=== EXCERPTED RECORDS ===
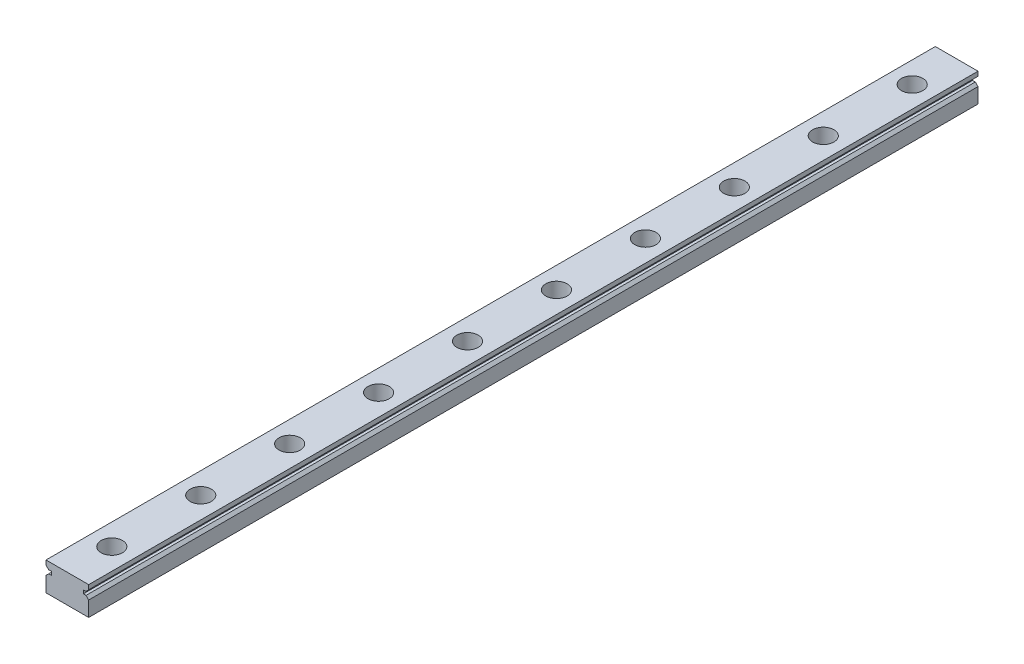
SolidWorks part; units mm, degrees
ref_plane "Front Plane" through (0, 0, 0) normal (0, 0, 1) x (1, 0, 0)
ref_plane "Top Plane" through (0, 0, 0) normal (0, 1, 0) x (1, 0, 0)
ref_plane "Right Plane" through (0, 0, 0) normal (1, 0, 0) x (0, 0, -1)
sketch "Sketch1" plane through (0, 0, 0) normal (0, 0, 1) x (1, 0, 0)
  line L0 (-6, 0) -> (6, 0)
  line L1 (6, 0) -> (6, 4.25)
  line L2 (6, 4.25) -> (5.25, 5)
  line L3 (5.25, 5) -> (4.5, 5)
  line L4 (4.5, 5) -> (4.5, 6)
  line L5 (4.5, 6) -> (5.25, 6)
  line L6 (5.25, 6) -> (6, 6.75)
  line L7 (6, 6.75) -> (6, 8)
  line L8 (6, 8) -> (-6, 8)
  line L9 (0, 0) -> (0, 8) construction
  line L10 (-6, 6.75) -> (-6, 8)
  line L11 (-5.25, 6) -> (-6, 6.75)
  line L12 (-4.5, 6) -> (-5.25, 6)
  line L13 (-4.5, 5) -> (-4.5, 6)
  line L14 (-5.25, 5) -> (-4.5, 5)
  line L15 (-6, 4.25) -> (-5.25, 5)
  line L16 (-6, 0) -> (-6, 4.25)
  point P4 (0, 0)
  dimension "D1" = 8
  dimension "D2" = 12
  dimension "D3" = 1
  dimension "D4" = 1.5
  dimension "D5" = 0.75
  dimension "D6" = 225
  dimension "D7" = 2
extrude "Boss-Extrude1" add sketch "Sketch1" along normal blind 250
sketch "Sketch2" plane through (0, 0, 0) normal (1, 0, 0) x (0, 0, -1)
  line L0 (-12.5, 0) -> (-12.5, 8) construction
  line L1 (-14.25, 0) -> (-10.75, 0) construction
  line L2 (-10.75, 0) -> (-10.75, 3.5)
  line L3 (-10.75, 3.5) -> (-9.5, 3.5)
  line L4 (-9.5, 3.5) -> (-9.5, 8)
  line L5 (-15.5, 8) -> (-9.5, 8) construction
  line L7 (-250, 0) -> (0, 0) construction
  line L8 (-250, 8) -> (0, 8) construction
  line L9 (-12.5, 8) -> (0, 8) construction
  line L10 (-12.5, 8) -> (-9.5, 8)
  line L11 (-12.5, 0) -> (-10.75, 0)
  line L12 (-12.5, 0) -> (-12.5, 8)
  point P5 (-12.5, 0)
  point P11 (-12.5, 8)
  dimension "D1" = 6
  dimension "D2" = 3.5
  dimension "D3" = 4.5
  dimension "D4" = 12.5
revolve "Cut-Revolve3" cut sketch "Sketch2" angle 360 about L12
pattern_linear "LPattern1" count 10 spacing 25 along (0, 0, 1) of "Cut-Revolve3"

=== DESCRIPTION OF THE TASK ===
Your task is to reproduce exactly the lines that begin with the one containing "line L4 (-9.5, 3.5) -> (-9.5, 8)" and continue to the end of the data, both ends included.

=== WRITTEN SOLUTION ===
  line L4 (-9.5, 3.5) -> (-9.5, 8)
  line L5 (-15.5, 8) -> (-9.5, 8) construction
  line L7 (-250, 0) -> (0, 0) construction
  line L8 (-250, 8) -> (0, 8) construction
  line L9 (-12.5, 8) -> (0, 8) construction
  line L10 (-12.5, 8) -> (-9.5, 8)
  line L11 (-12.5, 0) -> (-10.75, 0)
  line L12 (-12.5, 0) -> (-12.5, 8)
  point P5 (-12.5, 0)
  point P11 (-12.5, 8)
  dimension "D1" = 6
  dimension "D2" = 3.5
  dimension "D3" = 4.5
  dimension "D4" = 12.5
revolve "Cut-Revolve3" cut sketch "Sketch2" angle 360 about L12
pattern_linear "LPattern1" count 10 spacing 25 along (0, 0, 1) of "Cut-Revolve3"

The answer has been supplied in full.